Royal Philharmonic Orchestra at the Granada Theatre


Review: Royal Philharmonic Orchestra at the Granada Theatre

Pinchas Zukerman Played Violin and Conducted on Tuesday, January 21


Tuesday, January 28, 2014

Thanks to CAMA, the Royal Philharmonic Orchestra has earned the right to proclaim itself our most frequent symphonic guest, having appeared here even more often than the Los Angeles Philharmonic. Now under the bow of conductor and violin soloist Pinchas Zukerman, the orchestra returned to the Granada Theatre last week for a sold-out concert featuring substantial works drawn from three different centuries. For the opening piece, Johann Sebastian Bach’s Violin Concerto No. 1 in A Minor, BWV 1041, Zukerman called on a relatively small number of the more than 70 musicians available to him. The reduced sound was perfectly suited to the piece, which dances along in the manner of Vivaldi until the unmistakable punch of Bach’s fugal writing lights up the final movement.

Next was the Verklärte Nacht of Arnold Schönberg, as arranged by the composer for string orchestra.

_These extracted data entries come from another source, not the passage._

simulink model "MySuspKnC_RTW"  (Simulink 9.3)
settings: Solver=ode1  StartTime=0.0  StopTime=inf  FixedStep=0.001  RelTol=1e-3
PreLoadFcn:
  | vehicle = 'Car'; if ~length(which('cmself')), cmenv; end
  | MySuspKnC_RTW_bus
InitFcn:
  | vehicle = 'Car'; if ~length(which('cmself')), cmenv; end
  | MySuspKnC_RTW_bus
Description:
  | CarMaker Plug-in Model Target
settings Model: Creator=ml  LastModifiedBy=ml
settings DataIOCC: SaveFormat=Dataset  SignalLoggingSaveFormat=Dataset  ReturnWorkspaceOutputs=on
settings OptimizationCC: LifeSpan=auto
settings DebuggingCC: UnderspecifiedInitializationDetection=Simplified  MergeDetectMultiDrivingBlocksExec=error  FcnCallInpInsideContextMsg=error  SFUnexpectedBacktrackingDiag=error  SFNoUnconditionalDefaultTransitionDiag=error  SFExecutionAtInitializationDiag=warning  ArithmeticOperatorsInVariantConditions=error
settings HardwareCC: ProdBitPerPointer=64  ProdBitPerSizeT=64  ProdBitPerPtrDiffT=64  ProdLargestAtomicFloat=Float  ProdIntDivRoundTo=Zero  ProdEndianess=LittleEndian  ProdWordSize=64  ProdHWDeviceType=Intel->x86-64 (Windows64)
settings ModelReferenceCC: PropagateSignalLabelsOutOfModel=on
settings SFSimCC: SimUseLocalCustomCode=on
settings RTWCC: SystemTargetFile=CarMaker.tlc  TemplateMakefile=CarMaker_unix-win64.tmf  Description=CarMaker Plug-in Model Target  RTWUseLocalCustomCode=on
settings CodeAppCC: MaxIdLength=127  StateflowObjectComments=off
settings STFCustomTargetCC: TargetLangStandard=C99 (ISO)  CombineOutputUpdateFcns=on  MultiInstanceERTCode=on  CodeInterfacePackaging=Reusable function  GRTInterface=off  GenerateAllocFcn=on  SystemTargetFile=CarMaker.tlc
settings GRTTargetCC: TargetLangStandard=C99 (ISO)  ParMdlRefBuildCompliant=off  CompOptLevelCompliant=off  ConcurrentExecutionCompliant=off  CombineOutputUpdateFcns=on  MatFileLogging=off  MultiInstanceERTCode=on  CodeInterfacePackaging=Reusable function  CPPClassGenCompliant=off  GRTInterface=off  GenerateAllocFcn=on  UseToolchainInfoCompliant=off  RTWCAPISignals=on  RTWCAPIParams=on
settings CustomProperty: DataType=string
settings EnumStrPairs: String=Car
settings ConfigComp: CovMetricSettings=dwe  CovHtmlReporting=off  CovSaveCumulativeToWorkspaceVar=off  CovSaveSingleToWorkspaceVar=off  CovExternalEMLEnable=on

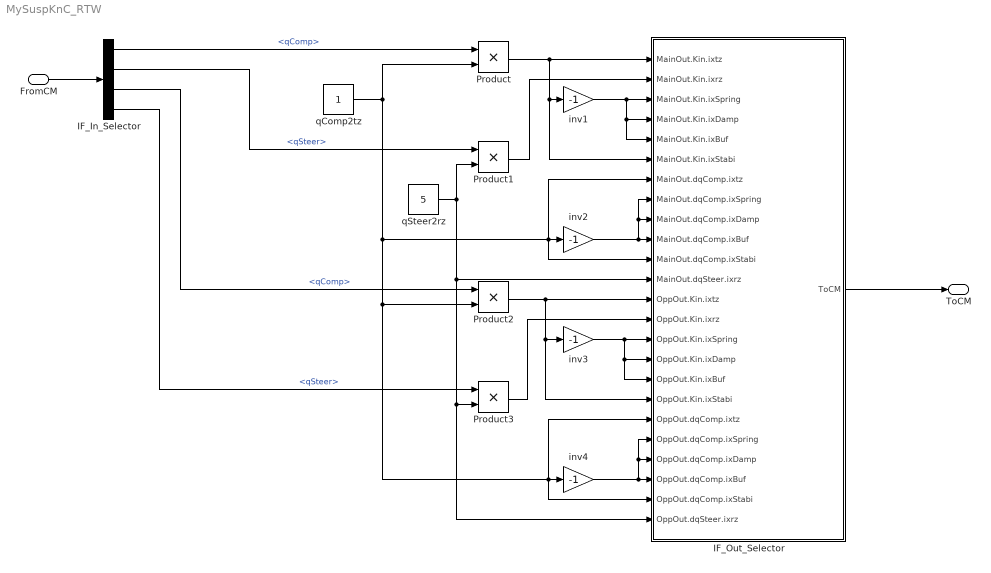
== system MySuspKnC_RTW ==
  FromCM : Inport  OutDataTypeStr=Bus: cmSuspKnCIn
  IF_In_Selector : BusSelector  OutputSignals=MainIn.qComp,MainIn.qSteer,OppIn.qComp,OppIn.qSteer
  IF_Out_Selector : Subsystem  mask(Signal Selection){}
      mask help: Signal Selection Block
      settings: OpenFcn=cmSignalSelect('SignalSelection_CB',gcb)
  Product{,1..3} (4 alike) : Product
  inv{1..4} (4 alike) : Gain  Gain=-1
  qComp2tz : Constant
  qSteer2rz : Constant  Value=5
  ToCM : Outport  OutDataTypeStr=Bus: cmSuspKnCOut
  wires:
  FromCM/1 -> IF_In_Selector/1
  IF_Out_Selector/1(ToCM) -> ToCM/1
  qSteer2rz/1 -> Product1/2, IF_Out_Selector/12(MainOut.dqSteer.ixrz), IF_Out_Selector/24(OppOut.dqSteer.ixrz), Product3/2
  IF_In_Selector/1 -> Product/1  "<qComp>"
  IF_In_Selector/2 -> Product1/1  "<qSteer>"
  qComp2tz/1 -> Product/2, IF_Out_Selector/7(MainOut.dqComp.ixtz), inv2/1, IF_Out_Selector/11(MainOut.dqComp.ixStabi), IF_Out_Selector/19(OppOut.dqComp.ixtz), IF_Out_Selector/23(OppOut.dqComp.ixStabi), inv4/1, Product2/2
  Product/1 -> IF_Out_Selector/6(MainOut.Kin.ixStabi), inv1/1, IF_Out_Selector/1(MainOut.Kin.ixtz)
  Product1/1 -> IF_Out_Selector/2(MainOut.Kin.ixrz)
  inv2/1 -> IF_Out_Selector/9(MainOut.dqComp.ixDamp), IF_Out_Selector/8(MainOut.dqComp.ixSpring), IF_Out_Selector/10(MainOut.dqComp.ixBuf)
  inv1/1 -> IF_Out_Selector/3(MainOut.Kin.ixSpring), IF_Out_Selector/4(MainOut.Kin.ixDamp), IF_Out_Selector/5(MainOut.Kin.ixBuf)
  IF_In_Selector/3 -> Product2/1  "<qComp>"
  IF_In_Selector/4 -> Product3/1  "<qSteer>"
  inv3/1 -> IF_Out_Selector/17(OppOut.Kin.ixBuf), IF_Out_Selector/16(OppOut.Kin.ixDamp), IF_Out_Selector/15(OppOut.Kin.ixSpring)
  Product2/1 -> IF_Out_Selector/18(OppOut.Kin.ixStabi), inv3/1, IF_Out_Selector/13(OppOut.Kin.ixtz)
  Product3/1 -> IF_Out_Selector/14(OppOut.Kin.ixrz)
  inv4/1 -> IF_Out_Selector/20(OppOut.dqComp.ixSpring), IF_Out_Selector/21(OppOut.dqComp.ixDamp), IF_Out_Selector/22(OppOut.dqComp.ixBuf)

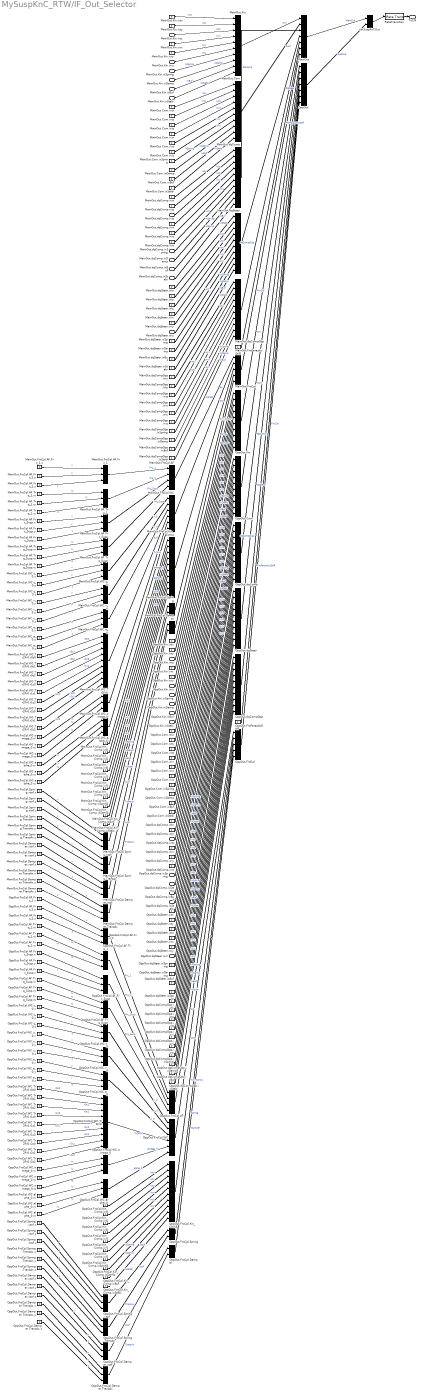
== system MySuspKnC_RTW/IF_Out_Selector ==
  MainOut.Kin.ixtz : Inport
  MainOut.Kin.ixrz : Inport  Port=2
  MainOut.Kin.ixSpring : Inport  Port=3
  MainOut.Kin.ixDamp : Inport  Port=4
  MainOut.Kin.ixBuf : Inport  Port=5
  MainOut.Kin.ixStabi : Inport  Port=6
  MainOut.dqComp.ixtz : Inport  Port=7
  MainOut.dqComp.ixSpring : Inport  Port=8
  MainOut.dqComp.ixDamp : Inport  Port=9
  MainOut.dqComp.ixBuf : Inport  Port=10
  MainOut.dqComp.ixStabi : Inport  Port=11
  MainOut.dqSteer.ixrz : Inport  Port=12
  OppOut.Kin.ixtz : Inport  Port=13
  OppOut.Kin.ixrz : Inport  Port=14
  OppOut.Kin.ixSpring : Inport  Port=15
  OppOut.Kin.ixDamp : Inport  Port=16
  OppOut.Kin.ixBuf : Inport  Port=17
  OppOut.Kin.ixStabi : Inport  Port=18
  OppOut.dqComp.ixtz : Inport  Port=19
  OppOut.dqComp.ixSpring : Inport  Port=20
  OppOut.dqComp.ixDamp : Inport  Port=21
  OppOut.dqComp.ixBuf : Inport  Port=22
  OppOut.dqComp.ixStabi : Inport  Port=23
  OppOut.dqSteer.ixrz : Inport  Port=24
  MainOut : BusCreator  Inputs=7
  MainOut.Com : BusCreator  Inputs=10
  MainOut.Com.ixBuf : Constant  Value=0
  MainOut.Com.ixDamp : Constant  Value=0
  MainOut.Com.ixSpring : Constant  Value=0
  MainOut.Com.ixStabi : Constant  Value=0
  MainOut.Com.ixrx : Constant  Value=0
  MainOut.Com.ixry : Constant  Value=0
  MainOut.Com.ixrz : Constant  Value=0
  MainOut.Com.ixtx : Constant  Value=0
  MainOut.Com.ixty : Constant  Value=0
  MainOut.Com.ixtz : Constant  Value=0
  MainOut.FrcCpl : BusCreator  Inputs=5
  MainOut.FrcCpl.AF : BusCreator  Inputs=4
  MainOut.FrcCpl.AF.Frc_1 : BusCreator  Inputs=3
  MainOut.FrcCpl.AF.Frc_1.x : Constant  Value=0
  MainOut.FrcCpl.AF.Frc_1.y : Constant  Value=0
  MainOut.FrcCpl.AF.Frc_1.z : Constant  Value=0
  MainOut.FrcCpl.AF.Frc_Susp : BusCreator  Inputs=3
  MainOut.FrcCpl.AF.Frc_Susp.x : Constant  Value=0
  MainOut.FrcCpl.AF.Frc_Susp.y : Constant  Value=0
  MainOut.FrcCpl.AF.Frc_Susp.z : Constant  Value=0
  MainOut.FrcCpl.AF.Trq_1 : BusCreator  Inputs=3
  MainOut.FrcCpl.AF.Trq_1.rx : Constant  Value=0
  MainOut.FrcCpl.AF.Trq_1.ry : Constant  Value=0
  MainOut.FrcCpl.AF.Trq_1.rz : Constant  Value=0
  MainOut.FrcCpl.AF.Trq_Susp : BusCreator  Inputs=3
  MainOut.FrcCpl.AF.Trq_Susp.rx : Constant  Value=0
  MainOut.FrcCpl.AF.Trq_Susp.ry : Constant  Value=0
  MainOut.FrcCpl.AF.Trq_Susp.rz : Constant  Value=0
  MainOut.FrcCpl.Damper : BusCreator  Inputs=2
  MainOut.FrcCpl.Damper.TransAx : BusCreator  Inputs=3
  MainOut.FrcCpl.Damper.TransAx.x : Constant  Value=0
  MainOut.FrcCpl.Damper.TransAx.y : Constant  Value=0
  MainOut.FrcCpl.Damper.TransAx.z : Constant  Value=0
  MainOut.FrcCpl.Damper.xtof : BusCreator  Inputs=3
  MainOut.FrcCpl.Damper.xtof.x : Constant  Value=0
  MainOut.FrcCpl.Damper.xtof.y : Constant  Value=0
  MainOut.FrcCpl.Damper.xtof.z : Constant  Value=0
  MainOut.FrcCpl.Kin_Comp : BusCreator  Inputs=10
  MainOut.FrcCpl.Kin_Comp.ixBuf : Constant  Value=0
  MainOut.FrcCpl.Kin_Comp.ixDamp : Constant  Value=0
  MainOut.FrcCpl.Kin_Comp.ixSpring : Constant  Value=0
  MainOut.FrcCpl.Kin_Comp.ixStabi : Constant  Value=0
  MainOut.FrcCpl.Kin_Comp.ixrx : Constant  Value=0
  MainOut.FrcCpl.Kin_Comp.ixry : Constant  Value=0
  MainOut.FrcCpl.Kin_Comp.ixrz : Constant  Value=0
  MainOut.FrcCpl.Kin_Comp.ixtx : Constant  Value=0
  MainOut.FrcCpl.Kin_Comp.ixty : Constant  Value=0
  MainOut.FrcCpl.Kin_Comp.ixtz : Constant  Value=0
  MainOut.FrcCpl.Spring : BusCreator  Inputs=2
  MainOut.FrcCpl.Spring.TransAx : BusCreator  Inputs=3
  MainOut.FrcCpl.Spring.TransAx.x : Constant  Value=0
  MainOut.FrcCpl.Spring.TransAx.y : Constant  Value=0
  MainOut.FrcCpl.Spring.TransAx.z : Constant  Value=0
  MainOut.FrcCpl.Spring.xtof : BusCreator  Inputs=3
  MainOut.FrcCpl.Spring.xtof.x : Constant  Value=0
  MainOut.FrcCpl.Spring.xtof.y : Constant  Value=0
  MainOut.FrcCpl.Spring.xtof.z : Constant  Value=0
  MainOut.FrcCpl.WC : BusCreator  Inputs=6
  MainOut.FrcCpl.WC.Tr2Fr0 : BusCreator  Inputs=9
  MainOut.FrcCpl.WC.Tr2Fr0.r0c0 : Constant  Value=0
  MainOut.FrcCpl.WC.Tr2Fr0.r0c1 : Constant  Value=0
  MainOut.FrcCpl.WC.Tr2Fr0.r0c2 : Constant  Value=0
  MainOut.FrcCpl.WC.Tr2Fr0.r1c0 : Constant  Value=0
  MainOut.FrcCpl.WC.Tr2Fr0.r1c1 : Constant  Value=0
  MainOut.FrcCpl.WC.Tr2Fr0.r1c2 : Constant  Value=0
  MainOut.FrcCpl.WC.Tr2Fr0.r2c0 : Constant  Value=0
  MainOut.FrcCpl.WC.Tr2Fr0.r2c1 : Constant  Value=0
  MainOut.FrcCpl.WC.Tr2Fr0.r2c2 : Constant  Value=0
  MainOut.FrcCpl.WC.a_0 : BusCreator  Inputs=3
  MainOut.FrcCpl.WC.a_0.x : Constant  Value=0
  MainOut.FrcCpl.WC.a_0.y : Constant  Value=0
  MainOut.FrcCpl.WC.a_0.z : Constant  Value=0
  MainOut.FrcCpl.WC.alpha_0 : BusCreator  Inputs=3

Originally a sextet, Verklärte Nacht predates Schönberg’s abandonment of conventional tonality and exhibits the influence of not only Wagner but also Brahms. Mostly heard as played by chamber orchestras, this spectacular reading called for all 51 of the RPO’s string players. None of the details were lost, and both visceral texture and a feeling of lift were gained through the presence of the massed instruments.

After the interval, cellist Amanda Forsyth joined Zukerman and the orchestra for the Double Concerto in A Minor for Violin, Cello, and Orchestra, Op. 102 of Johannes Brahms. The conversation between the solo instruments was agile and expressive, while the orchestra, left nearly unguided whenever maestro Zukerman had to play, still maintained strict tempo and discipline among the sections. The result was a stirring, memorable performance of an exceptionally interesting and difficult work — just the kind of thing that has made the RPO such a welcome presence in Santa Barbara throughout the years.